Give back exactly the lines of the material below that start at the line containing "Xs = [0;0;0;" and end at the line containing "Radians to Degrees3 : simulink_extras/Transformations/Radians", and no others.
.....
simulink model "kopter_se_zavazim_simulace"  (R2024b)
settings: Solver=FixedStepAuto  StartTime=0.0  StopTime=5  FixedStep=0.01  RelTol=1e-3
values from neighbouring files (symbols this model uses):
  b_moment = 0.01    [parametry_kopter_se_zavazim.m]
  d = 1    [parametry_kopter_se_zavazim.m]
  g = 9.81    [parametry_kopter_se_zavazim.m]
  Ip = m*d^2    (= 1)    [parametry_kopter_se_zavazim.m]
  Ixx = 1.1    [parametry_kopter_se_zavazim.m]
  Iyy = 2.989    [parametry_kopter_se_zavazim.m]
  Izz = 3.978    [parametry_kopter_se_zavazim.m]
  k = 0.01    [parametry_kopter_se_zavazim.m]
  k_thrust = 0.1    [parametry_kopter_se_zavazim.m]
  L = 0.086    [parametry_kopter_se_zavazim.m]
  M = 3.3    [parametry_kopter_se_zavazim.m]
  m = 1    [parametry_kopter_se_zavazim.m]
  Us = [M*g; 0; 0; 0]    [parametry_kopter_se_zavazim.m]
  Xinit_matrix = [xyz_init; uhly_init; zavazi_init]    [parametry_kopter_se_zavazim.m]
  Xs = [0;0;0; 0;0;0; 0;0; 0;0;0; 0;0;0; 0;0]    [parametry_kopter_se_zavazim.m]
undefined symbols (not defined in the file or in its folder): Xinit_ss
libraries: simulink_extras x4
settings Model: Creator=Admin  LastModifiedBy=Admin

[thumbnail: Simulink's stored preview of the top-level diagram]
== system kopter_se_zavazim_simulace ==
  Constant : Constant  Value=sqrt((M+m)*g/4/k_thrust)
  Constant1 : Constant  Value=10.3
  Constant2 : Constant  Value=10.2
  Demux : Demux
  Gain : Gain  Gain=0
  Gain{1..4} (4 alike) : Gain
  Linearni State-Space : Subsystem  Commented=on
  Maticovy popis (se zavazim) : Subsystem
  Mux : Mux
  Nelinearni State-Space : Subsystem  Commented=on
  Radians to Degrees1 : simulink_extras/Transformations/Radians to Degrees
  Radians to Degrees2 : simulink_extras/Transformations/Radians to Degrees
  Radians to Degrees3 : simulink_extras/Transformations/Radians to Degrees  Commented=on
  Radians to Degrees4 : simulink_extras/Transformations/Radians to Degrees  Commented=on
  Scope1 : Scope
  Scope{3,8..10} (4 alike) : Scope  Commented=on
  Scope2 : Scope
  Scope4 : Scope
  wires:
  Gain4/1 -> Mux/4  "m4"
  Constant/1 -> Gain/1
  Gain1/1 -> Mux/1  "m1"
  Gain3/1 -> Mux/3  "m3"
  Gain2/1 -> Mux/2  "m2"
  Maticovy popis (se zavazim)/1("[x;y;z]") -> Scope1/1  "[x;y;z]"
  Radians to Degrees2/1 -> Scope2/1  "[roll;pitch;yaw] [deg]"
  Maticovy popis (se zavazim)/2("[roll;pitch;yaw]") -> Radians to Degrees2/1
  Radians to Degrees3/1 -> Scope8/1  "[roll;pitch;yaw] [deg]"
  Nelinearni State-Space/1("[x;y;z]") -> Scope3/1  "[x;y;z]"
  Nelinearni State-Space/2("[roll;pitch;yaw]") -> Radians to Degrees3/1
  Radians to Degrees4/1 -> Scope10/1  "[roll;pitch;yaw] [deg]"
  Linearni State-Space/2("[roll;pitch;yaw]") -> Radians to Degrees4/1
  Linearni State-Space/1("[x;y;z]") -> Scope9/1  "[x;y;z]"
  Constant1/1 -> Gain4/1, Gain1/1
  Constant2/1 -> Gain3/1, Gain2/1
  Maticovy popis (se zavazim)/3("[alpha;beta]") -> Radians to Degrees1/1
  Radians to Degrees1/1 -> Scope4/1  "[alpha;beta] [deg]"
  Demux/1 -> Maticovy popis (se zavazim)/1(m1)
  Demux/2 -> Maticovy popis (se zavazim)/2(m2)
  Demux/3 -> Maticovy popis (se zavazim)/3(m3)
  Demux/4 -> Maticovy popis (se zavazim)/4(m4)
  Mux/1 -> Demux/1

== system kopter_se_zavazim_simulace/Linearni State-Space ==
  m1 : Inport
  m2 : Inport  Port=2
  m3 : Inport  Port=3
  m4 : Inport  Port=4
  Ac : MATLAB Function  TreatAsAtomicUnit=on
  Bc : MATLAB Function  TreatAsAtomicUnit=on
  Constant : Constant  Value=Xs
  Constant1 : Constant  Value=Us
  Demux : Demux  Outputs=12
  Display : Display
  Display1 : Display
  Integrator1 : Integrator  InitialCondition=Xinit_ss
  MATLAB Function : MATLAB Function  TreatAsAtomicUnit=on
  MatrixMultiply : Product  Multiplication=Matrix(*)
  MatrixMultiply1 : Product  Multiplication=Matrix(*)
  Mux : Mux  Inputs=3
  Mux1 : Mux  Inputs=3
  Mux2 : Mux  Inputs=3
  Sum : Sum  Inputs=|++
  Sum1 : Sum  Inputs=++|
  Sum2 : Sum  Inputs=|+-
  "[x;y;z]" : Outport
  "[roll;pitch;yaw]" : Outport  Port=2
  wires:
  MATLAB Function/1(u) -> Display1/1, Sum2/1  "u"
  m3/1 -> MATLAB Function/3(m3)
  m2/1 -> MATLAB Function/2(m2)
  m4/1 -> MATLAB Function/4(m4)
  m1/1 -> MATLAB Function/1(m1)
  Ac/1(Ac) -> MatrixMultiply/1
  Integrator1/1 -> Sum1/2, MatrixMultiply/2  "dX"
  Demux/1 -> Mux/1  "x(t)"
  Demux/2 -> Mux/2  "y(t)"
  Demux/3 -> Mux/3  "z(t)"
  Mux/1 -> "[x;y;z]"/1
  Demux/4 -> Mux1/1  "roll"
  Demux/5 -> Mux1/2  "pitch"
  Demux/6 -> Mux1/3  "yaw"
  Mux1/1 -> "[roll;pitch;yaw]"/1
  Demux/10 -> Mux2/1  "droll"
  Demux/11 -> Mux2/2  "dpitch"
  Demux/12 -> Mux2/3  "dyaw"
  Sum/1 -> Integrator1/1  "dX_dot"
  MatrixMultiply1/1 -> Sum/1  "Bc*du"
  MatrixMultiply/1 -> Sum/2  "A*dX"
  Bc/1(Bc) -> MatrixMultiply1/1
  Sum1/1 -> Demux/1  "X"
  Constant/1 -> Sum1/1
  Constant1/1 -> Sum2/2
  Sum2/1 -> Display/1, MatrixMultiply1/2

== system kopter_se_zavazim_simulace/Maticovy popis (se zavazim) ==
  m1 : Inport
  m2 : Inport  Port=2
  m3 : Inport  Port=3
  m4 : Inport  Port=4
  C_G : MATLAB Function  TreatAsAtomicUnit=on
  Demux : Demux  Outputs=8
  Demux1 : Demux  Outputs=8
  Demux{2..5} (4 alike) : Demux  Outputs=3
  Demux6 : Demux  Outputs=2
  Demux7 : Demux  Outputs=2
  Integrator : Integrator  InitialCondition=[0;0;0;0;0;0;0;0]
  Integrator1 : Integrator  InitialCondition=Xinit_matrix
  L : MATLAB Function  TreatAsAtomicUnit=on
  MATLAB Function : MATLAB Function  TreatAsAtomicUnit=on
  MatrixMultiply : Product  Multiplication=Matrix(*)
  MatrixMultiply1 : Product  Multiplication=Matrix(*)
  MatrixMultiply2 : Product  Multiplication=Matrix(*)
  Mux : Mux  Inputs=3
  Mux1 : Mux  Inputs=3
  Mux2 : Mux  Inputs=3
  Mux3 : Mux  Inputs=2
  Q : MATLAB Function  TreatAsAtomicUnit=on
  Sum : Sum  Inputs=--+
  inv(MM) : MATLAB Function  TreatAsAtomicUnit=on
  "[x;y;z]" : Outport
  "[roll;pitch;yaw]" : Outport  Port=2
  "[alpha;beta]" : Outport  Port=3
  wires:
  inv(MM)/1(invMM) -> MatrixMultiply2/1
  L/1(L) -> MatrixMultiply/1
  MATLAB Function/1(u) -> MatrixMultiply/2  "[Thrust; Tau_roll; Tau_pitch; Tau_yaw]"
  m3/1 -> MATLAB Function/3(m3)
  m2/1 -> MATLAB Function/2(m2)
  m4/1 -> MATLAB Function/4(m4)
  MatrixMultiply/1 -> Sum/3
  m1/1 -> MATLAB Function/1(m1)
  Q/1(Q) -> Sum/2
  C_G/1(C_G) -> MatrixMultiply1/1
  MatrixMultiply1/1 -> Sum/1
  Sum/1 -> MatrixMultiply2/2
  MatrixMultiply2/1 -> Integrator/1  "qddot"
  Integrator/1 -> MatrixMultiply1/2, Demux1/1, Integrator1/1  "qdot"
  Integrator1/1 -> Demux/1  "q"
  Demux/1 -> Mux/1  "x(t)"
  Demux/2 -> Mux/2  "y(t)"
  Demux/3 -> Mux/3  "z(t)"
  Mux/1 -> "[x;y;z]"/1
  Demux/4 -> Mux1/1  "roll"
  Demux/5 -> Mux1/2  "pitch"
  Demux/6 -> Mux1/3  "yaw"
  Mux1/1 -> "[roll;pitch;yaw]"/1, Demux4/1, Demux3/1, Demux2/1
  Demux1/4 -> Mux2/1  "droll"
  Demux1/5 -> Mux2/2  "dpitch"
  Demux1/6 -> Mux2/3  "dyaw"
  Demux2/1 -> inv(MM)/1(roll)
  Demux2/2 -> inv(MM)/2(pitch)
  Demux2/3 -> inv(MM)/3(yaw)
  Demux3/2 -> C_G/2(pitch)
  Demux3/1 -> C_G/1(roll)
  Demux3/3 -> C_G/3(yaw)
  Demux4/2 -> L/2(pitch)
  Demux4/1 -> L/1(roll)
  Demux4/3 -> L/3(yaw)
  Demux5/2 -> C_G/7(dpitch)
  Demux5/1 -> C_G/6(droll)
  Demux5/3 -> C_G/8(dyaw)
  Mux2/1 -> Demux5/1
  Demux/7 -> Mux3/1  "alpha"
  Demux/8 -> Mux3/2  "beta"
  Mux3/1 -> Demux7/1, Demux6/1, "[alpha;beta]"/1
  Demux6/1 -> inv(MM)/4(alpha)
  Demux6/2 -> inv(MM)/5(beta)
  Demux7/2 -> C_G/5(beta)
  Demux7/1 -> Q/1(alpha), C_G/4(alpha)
.....
## Solution to the problem
  Xs = [0;0;0; 0;0;0; 0;0; 0;0;0; 0;0;0; 0;0]    [parametry_kopter_se_zavazim.m]
undefined symbols (not defined in the file or in its folder): Xinit_ss
libraries: simulink_extras x4
settings Model: Creator=Admin  LastModifiedBy=Admin

[thumbnail: Simulink's stored preview of the top-level diagram]
== system kopter_se_zavazim_simulace ==
  Constant : Constant  Value=sqrt((M+m)*g/4/k_thrust)
  Constant1 : Constant  Value=10.3
  Constant2 : Constant  Value=10.2
  Demux : Demux
  Gain : Gain  Gain=0
  Gain{1..4} (4 alike) : Gain
  Linearni State-Space : Subsystem  Commented=on
  Maticovy popis (se zavazim) : Subsystem
  Mux : Mux
  Nelinearni State-Space : Subsystem  Commented=on
  Radians to Degrees1 : simulink_extras/Transformations/Radians to Degrees
  Radians to Degrees2 : simulink_extras/Transformations/Radians to Degrees
  Radians to Degrees3 : simulink_extras/Transformations/Radians to Degrees  Commented=on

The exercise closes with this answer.